ThatFanficGuy Can I humbly submit this essay by Dave Foster Wallace up as one of the most interesting forays into language and register?

user-inactivated  ·  238 days ago  ·  link  ·  

Thank you. I'll put it on the list.

Would you recommend Dave Foster Wallace as an author of interest otherwise?

blackbootz  ·  238 days ago  ·  link  ·  

I would heartily recommend DFW, and only with a few small reservations. He's stimulating and expressive and inventive with the English language. He's really smart, and he knows it. Sometimes this self-possession leaks into his writing and this rubs some people the wrong way (an example would be his tendency for verbose language where simpler may do, but to me this is a matter of style). But at the same time, he was incredibly hard on himself. He cherished the general reader, striving to respect her intelligence. Some of his writing is the most expressive I've ever read, nailing down thoughts, associations, and feelings that I chalked up as non-communicable, or that would otherwise require some sort of brain interface technology because those thoughts operate at a level beyond words or even pictures.
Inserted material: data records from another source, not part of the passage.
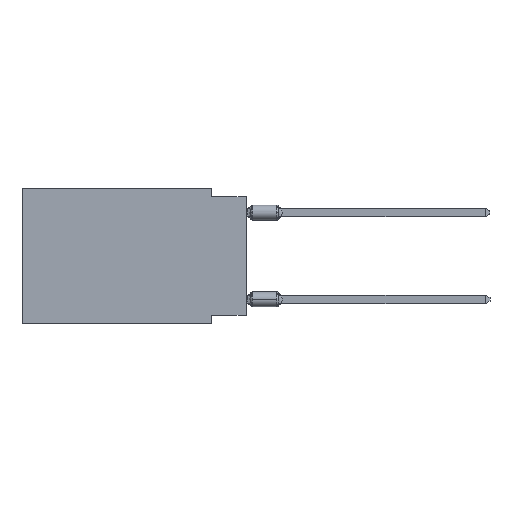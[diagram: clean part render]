
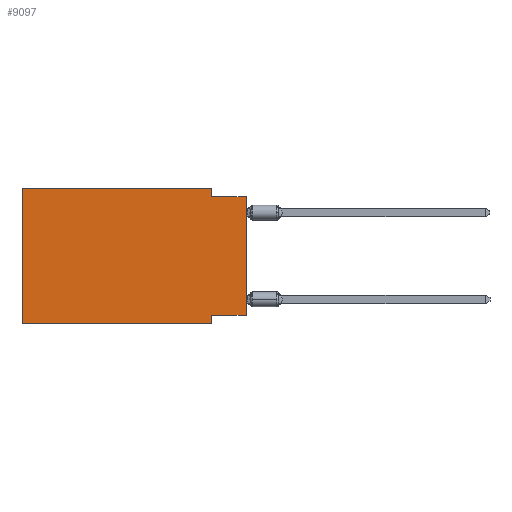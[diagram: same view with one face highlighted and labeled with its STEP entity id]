
A CAD part, left-side view. The second image highlights one B-rep face of the part: STEP entity #9097.
In plain terms, the highlighted planar face has unit normal (-1, 0, 0).
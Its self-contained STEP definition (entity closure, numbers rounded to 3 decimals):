
#521 = LINE ( 'NONE', #2044, #1675 ) ;
#649 = VERTEX_POINT ( 'NONE', #8896 ) ;
#886 = VERTEX_POINT ( 'NONE', #17792 ) ;
#1160 = DIRECTION ( 'NONE',  ( 1., 0., 0. ) ) ;
#1281 = CARTESIAN_POINT ( 'NONE',  ( 0., 0., 0. ) ) ;
#1616 = LINE ( 'NONE', #7339, #10761 ) ;
#1675 = VECTOR ( 'NONE', #6278, 1000. ) ;
#2044 = CARTESIAN_POINT ( 'NONE',  ( 0., 16.383, 0. ) ) ;
#2194 = ORIENTED_EDGE ( 'NONE', *, *, #5328, .F. ) ;
#2752 = ORIENTED_EDGE ( 'NONE', *, *, #9811, .F. ) ;
#3298 = LINE ( 'NONE', #13337, #16215 ) ;
#3513 = LINE ( 'NONE', #6141, #12605 ) ;
#4181 = DIRECTION ( 'NONE',  ( 0., 0., -1. ) ) ;
#4238 = VECTOR ( 'NONE', #8724, 1000. ) ;
#4388 = VECTOR ( 'NONE', #13474, 1000. ) ;
#5328 = EDGE_CURVE ( 'NONE', #16340, #649, #3298, .T. ) ;
#5403 = FACE_OUTER_BOUND ( 'NONE', #11595, .T. ) ;
#5420 = VERTEX_POINT ( 'NONE', #9558 ) ;
#6113 = LINE ( 'NONE', #13531, #17369 ) ;
#6141 = CARTESIAN_POINT ( 'NONE',  ( 0., 0., -9.271 ) ) ;
#6278 = DIRECTION ( 'NONE',  ( 0., 0., 1. ) ) ;
#7123 = EDGE_CURVE ( 'NONE', #5420, #18040, #12933, .T. ) ;
#7124 = ORIENTED_EDGE ( 'NONE', *, *, #7123, .T. ) ;
#7339 = CARTESIAN_POINT ( 'NONE',  ( 0., 2.54, -9.906 ) ) ;
#7451 = VERTEX_POINT ( 'NONE', #8305 ) ;
#7693 = DIRECTION ( 'NONE',  ( 0., 0., -1. ) ) ;
#7773 = ORIENTED_EDGE ( 'NONE', *, *, #11655, .F. ) ;
#8305 = CARTESIAN_POINT ( 'NONE',  ( 0., 2.54, -9.271 ) ) ;
#8325 = ORIENTED_EDGE ( 'NONE', *, *, #18083, .F. ) ;
#8361 = EDGE_CURVE ( 'NONE', #886, #11356, #15865, .T. ) ;
#8724 = DIRECTION ( 'NONE',  ( 0., -1., 0. ) ) ;
#8896 = CARTESIAN_POINT ( 'NONE',  ( 0., 2.54, -0.635 ) ) ;
#9046 = CARTESIAN_POINT ( 'NONE',  ( 0., 0., -0.635 ) ) ;
#9097 = ADVANCED_FACE ( 'NONE', ( #5403 ), #10835, .F. ) ;
#9305 = EDGE_CURVE ( 'NONE', #7451, #11356, #1616, .T. ) ;
#9558 = CARTESIAN_POINT ( 'NONE',  ( 0., 0., -9.271 ) ) ;
#9811 = EDGE_CURVE ( 'NONE', #649, #18040, #6113, .T. ) ;
#9938 = CARTESIAN_POINT ( 'NONE',  ( 0., 16.383, 0. ) ) ;
#10449 = AXIS2_PLACEMENT_3D ( 'NONE', #15235, #1160, #13937 ) ;
#10598 = DIRECTION ( 'NONE',  ( 0., -1., 0. ) ) ;
#10602 = EDGE_CURVE ( 'NONE', #5420, #7451, #3513, .T. ) ;
#10761 = VECTOR ( 'NONE', #4181, 1000. ) ;
#10835 = PLANE ( 'NONE',  #10449 ) ;
#11356 = VERTEX_POINT ( 'NONE', #12488 ) ;
#11595 = EDGE_LOOP ( 'NONE', ( #7124, #2752, #2194, #8325, #7773, #17238, #12018, #11964 ) ) ;
#11655 = EDGE_CURVE ( 'NONE', #886, #12708, #521, .T. ) ;
#11801 = CARTESIAN_POINT ( 'NONE',  ( 0., 2.54, 0. ) ) ;
#11964 = ORIENTED_EDGE ( 'NONE', *, *, #10602, .F. ) ;
#12018 = ORIENTED_EDGE ( 'NONE', *, *, #9305, .F. ) ;
#12154 = CARTESIAN_POINT ( 'NONE',  ( 0., 16.383, 0. ) ) ;
#12245 = LINE ( 'NONE', #12154, #4388 ) ;
#12488 = CARTESIAN_POINT ( 'NONE',  ( 0., 2.54, -9.906 ) ) ;
#12605 = VECTOR ( 'NONE', #16077, 1000. ) ;
#12708 = VERTEX_POINT ( 'NONE', #9938 ) ;
#12790 = CARTESIAN_POINT ( 'NONE',  ( 0., 16.383, -9.906 ) ) ;
#12933 = LINE ( 'NONE', #1281, #16769 ) ;
#13122 = DIRECTION ( 'NONE',  ( 0., 0., 1. ) ) ;
#13337 = CARTESIAN_POINT ( 'NONE',  ( 0., 2.54, 0. ) ) ;
#13474 = DIRECTION ( 'NONE',  ( 0., -1., 0. ) ) ;
#13531 = CARTESIAN_POINT ( 'NONE',  ( 0., 0., -0.635 ) ) ;
#13937 = DIRECTION ( 'NONE',  ( 0., 0., -1. ) ) ;
#15235 = CARTESIAN_POINT ( 'NONE',  ( 0., 16.383, 0. ) ) ;
#15865 = LINE ( 'NONE', #12790, #4238 ) ;
#16077 = DIRECTION ( 'NONE',  ( 0., 1., 0. ) ) ;
#16215 = VECTOR ( 'NONE', #7693, 1000. ) ;
#16340 = VERTEX_POINT ( 'NONE', #11801 ) ;
#16769 = VECTOR ( 'NONE', #13122, 1000. ) ;
#17238 = ORIENTED_EDGE ( 'NONE', *, *, #8361, .T. ) ;
#17369 = VECTOR ( 'NONE', #10598, 1000. ) ;
#17792 = CARTESIAN_POINT ( 'NONE',  ( 0., 16.383, -9.906 ) ) ;
#18040 = VERTEX_POINT ( 'NONE', #9046 ) ;
#18083 = EDGE_CURVE ( 'NONE', #12708, #16340, #12245, .T. ) ;

I roughly recall that KB thinks DFW dazzles with words rather than true insight. But I find DFW an enormous pleasure. He's at times irreverent then sincere, a-million-miles-a-minute and then slow and purposeful. I've never had to use a dictionary more than with Wallace. Or temporarily stop reading just so I could enjoy the sheer power of what I read.

For his fiction, my favorite short story of his Good Old Neon.

Edit to add: the original essay I linked, called Authority and American Usage, ranges all over everything you guys touched on in this thread. I can't imagine a more relevant essay, and from one of my favorite authors, so I felt very compelled to recommend it.